Presiden Korea Selatan (Korsel) Yoon Suk Yeol saat ini menghadapi tekanan besar dari berbagai pihak setelah keputusan mengejutkannya untuk memberlakukan darurat militer pada Selasa malam (3/12/2024). Langkah yang hanya berlangsung selama enam jam tersebut memicu gelombang kritik dari oposisi dan masyarakat Korsel. Polisi kini tengah menyelidiki Yoon atas tuduhan pemberontakan yang dapat berujung pada hukuman mati, pelanggaran yang melampaui kekebalan hukum seorang presiden.
Latar Belakang Penetapan Darurat Militer
Langkah Yoon untuk memberlakukan darurat militer disebut-sebut dipicu oleh ancaman dari Korea Utara dan dugaan “kegiatan anti-negara” yang melibatkan lawan politik dalam negeri. Dalam deklarasinya yang disiarkan televisi nasional, Yoon mengumumkan pengambilalihan kendali militer dengan alasan stabilitas negara. Tindakan tersebut bahkan melibatkan pengerahan militer ke gedung parlemen Korsel.

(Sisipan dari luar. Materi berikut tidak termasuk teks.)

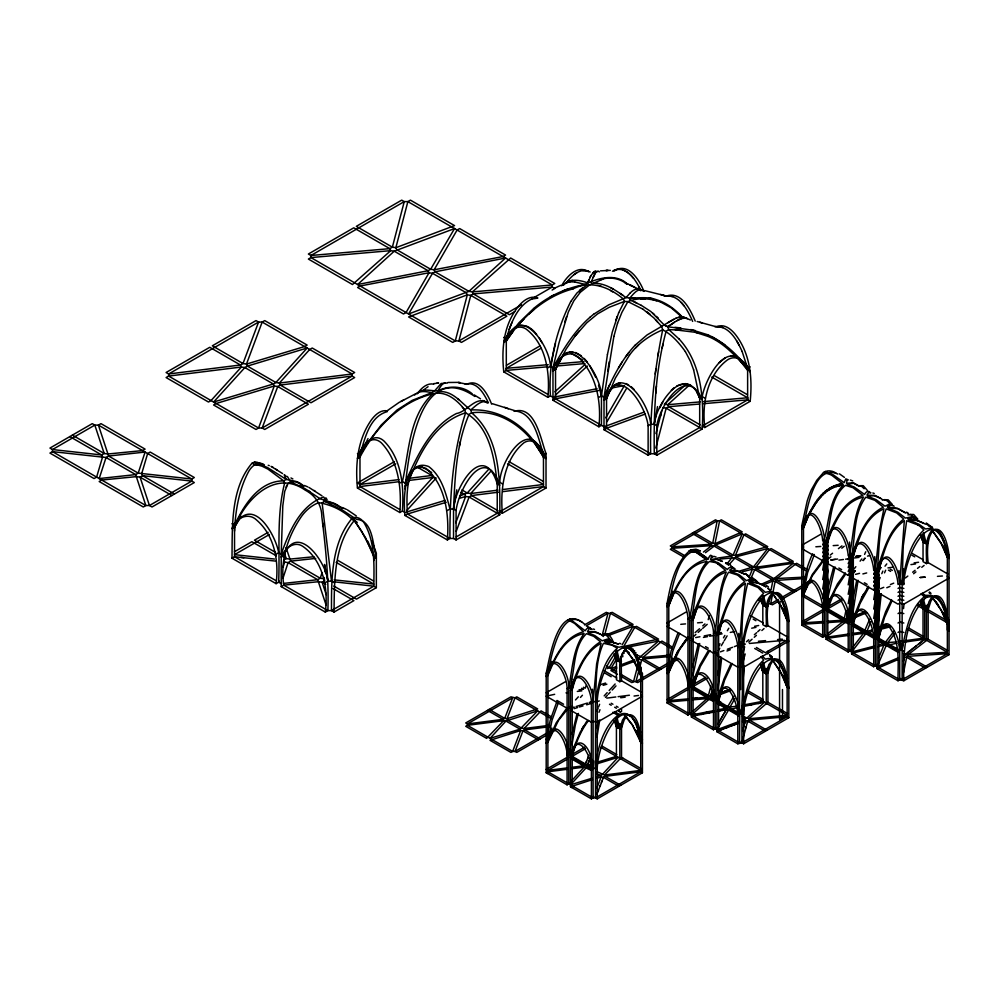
<?xml version="1.0" encoding="UTF-8"?>
<svg xmlns="http://www.w3.org/2000/svg" width="999" height="999" viewBox="0 0 999 999"><rect width="100%" height="100%" fill="white"/><g stroke="black" fill="none" stroke-linecap="round" stroke-linejoin="round"><path stroke-width="1.5" d="M234.54 531.081C235.414 511.026 238.786 490.309 248.202 472.327C251.074 466.558 257.979 460.052 264.423 464.885M279.033 580.943L278.659 582.192L276.099 583.666L231.98 558.204C232.492 527.147 230.27 488.911 251.873 463.374L261.95 466.171L267.932 469.105L283.679 480.856L284.615 483.179C276.386 515.297 280.007 549.375 278.659 582.192L281.206 583.666M371.94 541.146L376.348 553.171L376.348 587.662L373.801 586.188C374.088 564.984 375.299 541.358 363.861 522.427C361.263 518.469 355.419 515.109 351.373 519.23C331.006 544.205 331.481 580.144 331.481 610.614L334.041 612.087L353.921 600.611L333.079 588.573M387.475 410.901C380.519 409.44 374.812 415.159 371.091 420.304C357.43 440.097 355.244 464.647 357.43 488.024L359.977 486.55L359.977 484.465L395.729 463.836M357.43 453.534L359.977 455.007L359.977 457.092L357.43 458.566C359.69 448.663 370.242 432.954 381.293 442.807C398.663 460.976 401.76 488.623 399.85 512.512L357.43 488.024M373.801 560.539L373.801 554.645M404.957 488.948C408.354 456.918 418.618 358.117 474.887 396.478M537.799 297.939C529.957 294.992 522.477 301.136 517.944 306.968C503.446 325.374 501.398 349.25 503.758 371.865L506.306 370.392L506.306 368.306L541.021 348.264M503.758 371.865L547.877 397.327C550.174 373.701 546.403 344.118 525.811 328.833C515.821 322.814 506.793 333.778 503.758 342.407L506.306 340.934L506.306 338.848L518.943 322.764L533.641 308.529M613.873 336.463L604.008 397.327L604.008 429.732L648.126 455.207L650.674 453.733L654.283 453.733L699.675 427.535L699.675 398.064L693.618 369.855M737.811 743.793L737.811 647.564C737.137 632.854 723.251 604.195 716.895 635.489L716.895 731.73L737.811 743.793L741.92 742.819L787.137 716.708L787.137 715.321L747.215 692.27M743.618 743.793L741.92 742.819L741.92 703.933C744.367 664.135 737.499 622.589 747.714 583.416L757.866 587.424L763.673 593.281C749.025 606.743 745.067 627.847 741.92 646.578L743.618 647.564L743.618 743.793L788.835 717.694L788.835 618.106C783.865 578.758 763.336 587.812 767.931 625.674L787.524 636.987M717.082 326.611C724.812 323.326 732.117 329.97 736.388 335.776C750.374 354.657 752.472 378.559 750.174 401.323L704.782 427.535L702.222 426.061L747.627 399.85L747.627 397.764L711.775 377.073M744.73 704.77L762.824 701.286L762.824 667.782M767.931 667.419L767.931 702.26L787.524 713.586M737.811 714.335C737.137 699.625 723.251 670.966 716.895 702.26L737.811 714.335L741.92 713.348L743.618 714.335C743.993 684.365 776.148 623.476 788.835 688.224L787.137 687.25L783.591 675.973M787.137 638.723L787.137 640.109L788.835 641.096L743.618 667.195L739.51 666.221L737.811 667.195L716.895 655.132L718.606 654.145L715.197 652.185L713.498 653.171L691.383 640.396L693.094 639.422M743.618 647.564C743.993 617.594 776.148 556.705 788.835 621.453L787.137 620.466L784.103 610.614M947.352 630.094L947.352 622.814L944.28 614.46M949.05 631.081C949.25 618.968 943.368 590.571 925.586 597.827C904.669 619.143 902.896 652.859 903.833 680.756L899.724 679.77L853.308 652.971L851.598 653.958L851.598 555.756C855.581 536.426 853.358 513.686 865.833 497.152L874.812 500.299L883.291 507.192C861.912 517.744 857.105 543.893 848.201 563.611L849.899 562.624L851.598 559.69L849.899 558.703L848.201 559.69C854.083 539.248 852.097 515.859 863.511 497.077C840.833 502.06 832.529 527.647 826.086 546.915L827.796 545.941L826.086 541.021C831.23 522.714 829.382 498.513 845.429 485.327L852.971 487.687L862.886 495.454C839.123 501.923 831.742 529.22 822.689 548.888L824.387 547.902L826.086 544.954L827.796 549.862L826.086 554.77L827.796 553.796L826.086 548.888L822.689 556.743L824.387 555.756L826.086 552.809L827.796 557.717L826.086 562.624L848.201 575.399L849.899 574.413L851.598 571.465L849.899 570.491L848.201 571.465L851.598 563.611L849.899 562.624L848.201 567.544L849.899 566.558L851.598 567.544L848.201 575.399M743.618 714.335L741.92 713.348L741.932 706.181M597.215 798.863L597.215 702.622L595.516 701.648C596.503 682.23 595.092 661.388 603.433 643.294L612.15 645.254L617.27 648.226C602.36 661.538 598.788 682.941 595.516 701.648L595.516 797.876L597.215 798.863L642.432 772.751L642.432 673.164L640.734 674.15L640.734 771.777L595.516 797.876L593.106 797.876L547.889 771.777L546.191 772.751L547.489 773.513M595.591 761.613L595.516 768.418L597.215 769.405C597.489 738.96 629.532 678.096 642.432 743.293L640.734 742.319L632.367 725.024L626.023 716.645M333.878 581.793L373.801 586.188L331.481 610.614L327.872 610.614L325.324 612.087L281.206 586.613L281.206 554.208L282.804 505.844L284.727 491.346L288.099 483.366C292.62 480.019 298.888 482.167 302.972 485.239M626.023 649.874L634.84 662.137L640.734 674.15L641.121 667.22M900.249 642.12L899.724 650.312L898.026 651.298L877.122 639.223L878.82 628.821L877.122 618.406L873.713 637.262L873.713 666.72L875.948 664.447M742.781 682.692L744.305 666.208M739.797 709.215L739.51 742.819L693.094 716.008L691.383 716.995L691.383 620.754C697.09 590.821 713.823 618.993 713.498 633.528L713.498 729.757L715.896 727.584M681.143 330.219L668.718 329.57L666.171 331.168C655.207 370.991 653.671 412.662 654.283 453.733L656.83 455.207L702.222 429.008C704.033 398.301 701.211 362.912 679.208 339.111M570.791 301.486C556.218 330.469 548.239 363.411 550.424 395.866L650.674 453.733C649.75 412.137 654.432 370.567 662.687 329.82L661.75 326.536L653.808 317.882L642.894 309.141M900.012 678.346L899.724 679.77L898.026 680.756L877.122 668.681L877.122 570.491C879.595 549.999 878.296 528.321 886.238 508.891L896.665 512.924L903.708 519.055C885.226 533.304 882.342 558.316 873.713 578.346L875.411 577.36L877.122 574.413L878.82 579.32L877.122 584.228L878.82 583.254L877.122 578.346L873.713 586.201L875.411 585.214L877.122 582.267L878.82 587.175L877.122 592.095L898.026 604.158L899.724 603.184L903.833 604.158L949.05 578.059L947.352 577.072L947.352 575.686M877.122 637.262L877.459 632.866M447.365 539.947C449.225 515.534 445.979 485.564 426.161 468.444C402.272 459.727 403.621 504.345 404.957 515.459L447.365 539.947L449.925 538.473C449.775 496.316 452.497 453.221 465.609 412.824L464.685 409.715C457.092 400.075 445.929 390.472 432.729 393.856C399.862 401.798 375.349 428.146 359.977 457.092C361.326 446.565 372.702 430.956 383.841 440.884C401.835 458.891 404.096 487.075 402.397 511.038L399.85 512.512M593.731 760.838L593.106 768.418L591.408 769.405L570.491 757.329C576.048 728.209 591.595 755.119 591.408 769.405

Namun, keputusan ini ditolak mentah-mentah oleh 190 dari 300 anggota parlemen Majelis Nasional Korsel. Mereka menilai tindakan tersebut melanggar konstitusi dan hukum. Akibatnya, darurat militer dicabut setelah enam jam diberlakukan.
Oposisi dan Rencana Pemakzulan
Setelah pencabutan darurat militer, partai oposisi langsung mengajukan mosi pemakzulan terhadap Yoon. Mereka menuduh presiden telah menyalahgunakan kekuasaannya untuk menghindari penyelidikan terhadap dugaan pelanggaran hukum yang melibatkan dirinya dan keluarganya. Oposisi juga menyebut darurat militer sebagai langkah inkonstitusional yang tak dapat dimaafkan.
Pemungutan suara terkait pemakzulan dijadwalkan pada Sabtu malam (7/12/2024). Jika mosi pemakzulan disetujui, Yoon akan diberhentikan sementara dari jabatannya hingga Mahkamah Konstitusi memutuskan legalitas pemakzulan tersebut. Keputusan Mahkamah Konstitusi akan diumumkan dalam waktu 180 hari, dan jika disetujui, pemilihan presiden baru harus dilakukan dalam waktu 60 hari setelahnya.
Tuduhan Lain yang Menjerat Yoon
Selain menghadapi tuduhan pemberontakan, Yoon juga harus menjawab sejumlah tuduhan lainnya, termasuk dugaan korupsi yang melibatkan istrinya, Kim Keon Hee. Oposisi bahkan memotong sebagian besar anggaran yang diajukan pemerintahannya, membuat Yoon kehilangan kekuatan politik untuk mengendalikan situasi di parlemen.
Reaksi dari Partai Kekuatan Rakyat
Meski demikian, partai yang dipimpin Yoon, Partai Kekuatan Rakyat (PPP), tetap berupaya membela presidennya. Para pejabat partai menegaskan akan menolak mosi pemakzulan dan tetap bersatu mendukung Yoon. Namun, sejumlah pengamat politik menilai keputusan Yoon memberlakukan darurat militer telah merusak kepercayaan publik terhadap pemerintahannya.